Crucially, the microgel droplets fabricated with UQ-Surf technology do not require harsh chemical treatments to make them viable for clinical use, better protecting the sensitive cargo inside.

“The level of control you get with traditional microgel droplets usually comes at a cost – the potential contamination of the living material you’re working with,” Dr Qiao said.

“UQ-Surf removes this risk, because we don’t need harmful chemical demulsifiers or additional processing steps to recover encapsulated microgels.

 Making Waves in Regenerative Medicine
UQ-Surf droplets

“We only need to change the temperature.”

Dr Qiao said UQ-Surf had the potential to support a diverse range of biomedical applications, including 3D in vitro models for drug screening, targeted delivery of drugs, cells and genes, and advancements in tissue engineering.

The technology has been patented through UQ commercialisation company UniQuest and has already been deployed in the lab, showcasing its market potential.

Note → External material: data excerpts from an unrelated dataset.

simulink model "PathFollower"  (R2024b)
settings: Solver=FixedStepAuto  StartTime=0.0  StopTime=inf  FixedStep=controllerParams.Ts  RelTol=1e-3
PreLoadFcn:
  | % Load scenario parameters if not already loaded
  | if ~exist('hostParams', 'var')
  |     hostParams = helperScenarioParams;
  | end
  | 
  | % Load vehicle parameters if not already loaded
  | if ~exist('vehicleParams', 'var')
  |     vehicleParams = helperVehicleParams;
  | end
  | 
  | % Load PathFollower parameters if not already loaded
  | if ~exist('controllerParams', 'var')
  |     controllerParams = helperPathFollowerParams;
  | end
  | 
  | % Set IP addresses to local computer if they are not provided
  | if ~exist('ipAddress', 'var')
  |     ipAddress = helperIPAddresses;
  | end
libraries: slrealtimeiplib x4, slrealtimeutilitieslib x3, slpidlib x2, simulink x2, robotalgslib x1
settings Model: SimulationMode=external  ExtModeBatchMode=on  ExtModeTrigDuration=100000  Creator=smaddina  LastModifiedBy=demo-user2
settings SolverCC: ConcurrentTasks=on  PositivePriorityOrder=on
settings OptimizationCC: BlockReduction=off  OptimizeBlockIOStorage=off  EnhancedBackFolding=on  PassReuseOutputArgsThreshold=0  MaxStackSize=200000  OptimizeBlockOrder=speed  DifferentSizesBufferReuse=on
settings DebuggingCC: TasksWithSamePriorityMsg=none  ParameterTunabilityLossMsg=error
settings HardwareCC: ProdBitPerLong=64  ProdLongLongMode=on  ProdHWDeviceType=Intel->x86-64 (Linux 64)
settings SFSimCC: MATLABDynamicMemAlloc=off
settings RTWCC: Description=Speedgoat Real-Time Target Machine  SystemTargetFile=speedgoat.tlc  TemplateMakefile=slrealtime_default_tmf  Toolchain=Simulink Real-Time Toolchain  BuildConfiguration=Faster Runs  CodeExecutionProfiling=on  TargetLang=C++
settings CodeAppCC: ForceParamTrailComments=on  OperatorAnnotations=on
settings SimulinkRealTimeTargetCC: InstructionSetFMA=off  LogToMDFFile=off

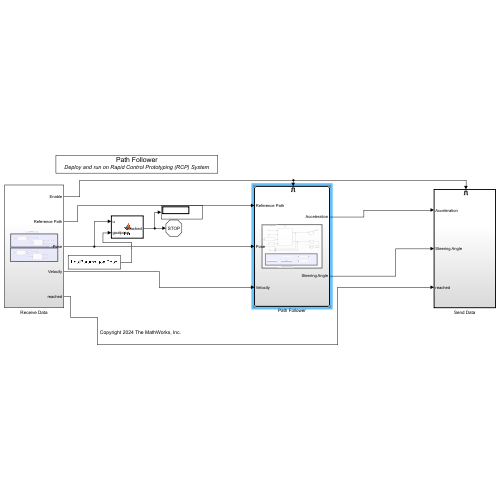
[thumbnail: Simulink's stored preview of the top-level diagram]
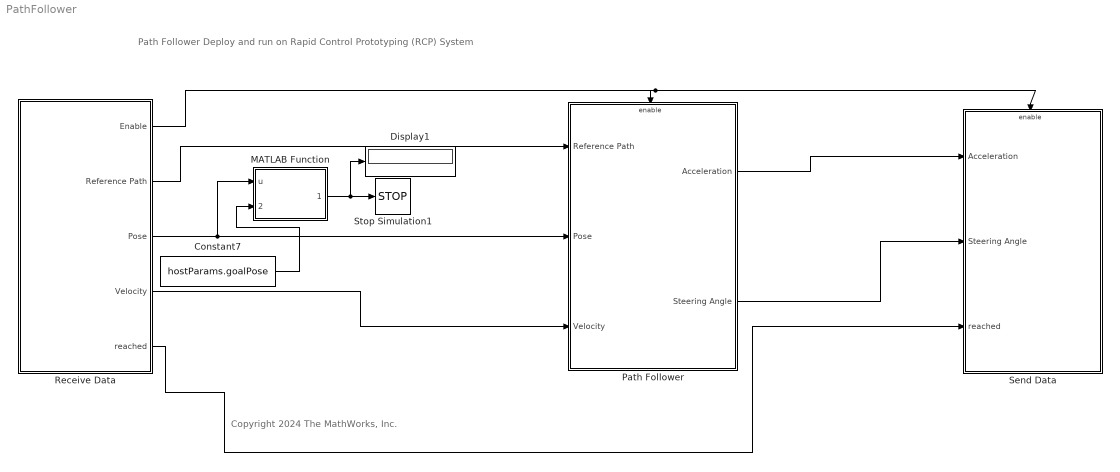
== system PathFollower ==
  note: Path Follower
      | Deploy and run on Rapid Control Prototyping (RCP) System
  note: Copyright 2024 The MathWorks, Inc.
  Constant7 : Constant  Value=hostParams.goalPose
  Display1 : Display
  MATLAB Function : MATLAB Function  TreatAsAtomicUnit=on
  Path Follower : Subsystem
  Receive Data : Subsystem
  Send Data : Subsystem
  Stop Simulation1 : Stop
  wires:
  Receive Data/3(Pose) -> MATLAB Function/1(u), Path Follower/2(Pose)
  Path Follower/1(Acceleration) -> Send Data/1(Acceleration)
  Receive Data/2(Reference Path) -> Path Follower/1(Reference Path)
  Receive Data/4(Velocity) -> Path Follower/3(Velocity)
  Path Follower/2(Steering Angle) -> Send Data/2(Steering Angle)
  Receive Data/1(Enable) -> Send Data/Enable, Path Follower/Enable
  Receive Data/5(reached) -> Send Data/3(reached)
  Constant7/1 -> MATLAB Function/2(goalpose)
  MATLAB Function/1(reached) -> Display1/1, Stop Simulation1/1

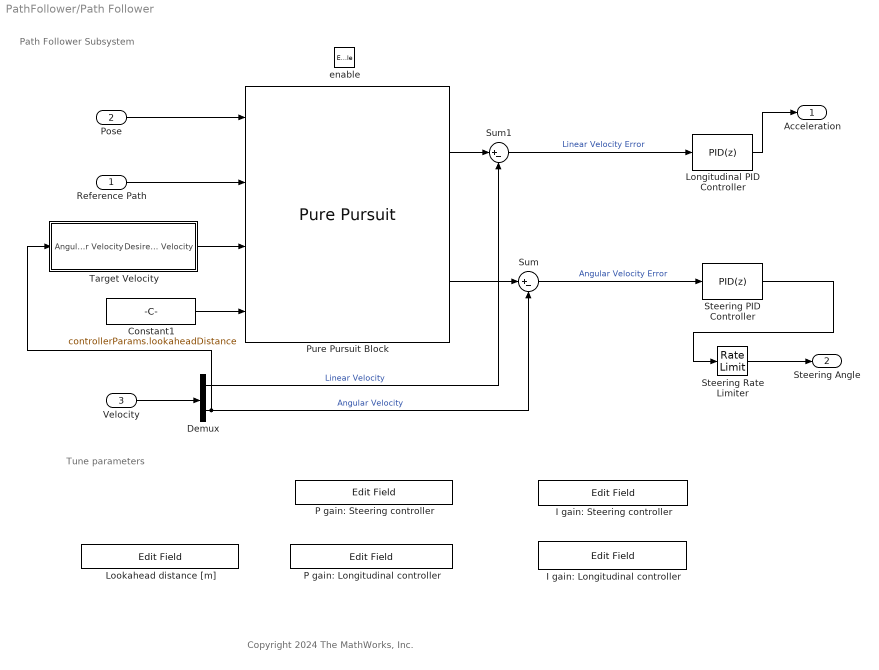
== system PathFollower/Path Follower ==
  note: Path Follower Subsystem
  note: Tune parameters
  note: Copyright 2024 The MathWorks, Inc.
  Reference Path : Inport
  Pose : Inport  Port=2
  Velocity : Inport  Port=3  Interpolate=off
  enable : EnablePort  StatesWhenEnabling=reset
  "       I gain: Longitudinal controller" : EditField  LabelPosition=Hide  ShowInitialText=on  Alignment=Center
  "   I gain: Steering controller" : EditField  LabelPosition=Hide  ShowInitialText=on  Alignment=Center
  Constant1 : Constant  Value=controllerParams.lookaheadDistance
  Demux : Demux  Outputs=2
  Longitudinal PID Controller : slpidlib/PID Controller  Controller=PID  Form=Parallel  TimeDomain=Discrete-time  UseExternalTs=off  SampleTime=-1  IntegratorMethod=Forward Euler  FilterMethod=Forward Euler  ControllerParametersSource=internal  P=controllerParams.accelPGain  I=controllerParams.accelIGain  UseKiTs=off  D=0  UseExternalDerivativeSource=off  N=0  UseFilter=on  TunerSelectOption=Transfer Function Based (PID Tuner App)  InitialConditionSource=internal  InitialConditionForIntegrator=0  InitialConditionForFilter=0  DifferentiatorICPrevScaledInput=0  ExternalReset=none  TrackingMode=off  Kt=1  LimitOutput=on  SatLimitsSource=internal  UpperSaturationLimit=vehicleParams.maxAcceleration  LowerSaturationLimit=vehicleParams.maxDeceleration  LinearizeAsGain=on  AntiWindupMode=none  Kb=1  LimitIntegrator=off  UpperIntegratorSaturationLimit=inf  LowerIntegratorSaturationLimit=-inf  POutMin=[]  POutMax=[]  IOutMin=[]  IOutMax=[]  DOutMin=[]  DOutMax=[]  NOutMin=[]  NOutMax=[]  SumOutMin=[]  SumOutMax=[]  SaturationOutMin=[]  SaturationOutMax=[]  PParamMin=[]  PParamMax=[]  IParamMin=[]  IParamMax=[]  DParamMin=[]  DParamMax=[]  NParamMin=[]  NParamMax=[]  KbParamMin=[]  KbParamMax=[]  KtParamMin=[]  KtParamMax=[]  KbOutMin=[]  KbOutMax=[]  KtOutMin=[]  KtOutMax=[]  IntegratorOutMin=[]  IntegratorOutMax=[]  FilterOutMin=[]  FilterOutMax=[]  SumI1OutMin=[]  SumI1OutMax=[]  SumI2OutMin=[]  SumI2OutMax=[]  SumI3OutMin=[]  SumI3OutMax=[]  SumI4OutMin=[]  SumI4OutMax=[]  SumDOutMin=[]  SumDOutMax=[]  DifferentiatorOutMin=[]  DifferentiatorOutMax=[]  FilterDiffOutCoefMin=[]  FilterDiffOutCoefMax=[]  ReciprocalOutMin=[]  ReciprocalOutMax=[]  SumDenOutMin=[]  SumDenOutMax=[]  SumNumOutMin=[]  SumNumOutMax=[]  DivideOutMin=[]  DivideOutMax=[]  UdiffTsProdOutMin=[]  UdiffTsProdOutMax=[]  NTsProdOutMin=[]  NTsProdOutMax=[]  UintegralTsProdOutMin=[]  UintegralTsProdOutMax=[]  UngainTsProdOutMin=[]  UngainTsProdOutMax=[]  ClampingZeroOutDataTypeStr=Inherit: Inherit via back propagation  ClampingZeroOutMin=[]  ClampingZeroOutMax=[]  FilterDenConstantOutDataTypeStr=Inherit: Inherit via back propagation  FilterDenConstantOutMin=[]  FilterDenConstantOutMax=[]  PCopyOutDataTypeStr=Inherit: Inherit via back propagation  PCopyOutMin=[]  PCopyOutMax=[]  NCopyOutDataTypeStr=Inherit: Inherit via back propagation  NCopyOutMin=[]  NCopyOutMax=[]  IntegratorContinuousStateAttributes=''  IntegratorStateMustResolveToSignalObject=off  IntegratorRTWStateStorageClass=Auto  FilterContinuousStateAttributes=''  FilterStateMustResolveToSignalObject=off  FilterRTWStateStorageClass=Auto  ParallelPVariant=InternalParameters  IdealPVariant=Disabled  IVariant=InternalParameters  DVariant=InternalParameters  IntegratorVariant=Discrete  SatVariant=Enabled  AWVariant=Passthrough  PCopyVariant=Disabled  TRVariant=Disabled  FdbkBlocksVariant=Forward  IdealPFdbkVariant=Disabled  SatFdbkVariant=Disabled  DerivativeFilterVariant=ForwardEulerFilter  NVariant=InternalParameters  NCopyVariant=Disabled  FilterICVariant=InternalICsFilter  IntegratorICVariant=InternalICs  ExternalResetVariant=Disabled  TRSumVariant=Passthrough  SumFdbkVariant=Disabled  SumVariant=Sum_PID  TsampFilterVariant=InternalTs  TsampNgainVariant=Passthrough  TsampIntegralVariant=Disabled_SignalSpec  ExternalSaturationOutDataTypeStr=Inherit: Same as second input  DerivativeSourceVariant=ErrorSignal  PreIntVariant=InternalPreInt
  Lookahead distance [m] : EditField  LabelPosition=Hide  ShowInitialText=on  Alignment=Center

“The global microfluidics market is projected to reach $US41.6 billion ($64.2 billion) by 2028, nearly double what it was in 2023,” Dr Qiao said.

“Our aim is to play a role in this growth.”

This research was published in Advanced Materials Interfaces on 27 May 2025 and included input from AIBN colleagues Professor Tom Davis, Xiangke Li, Dr Helen Forgham, Qiuren Shen, and Dr Liwen Zhang, as well as researchers from the UQ School of Mechanical and Mining Engineering, Brisbane-based biotech Gelomics, the University of Adelaide, and the National University of Singapore.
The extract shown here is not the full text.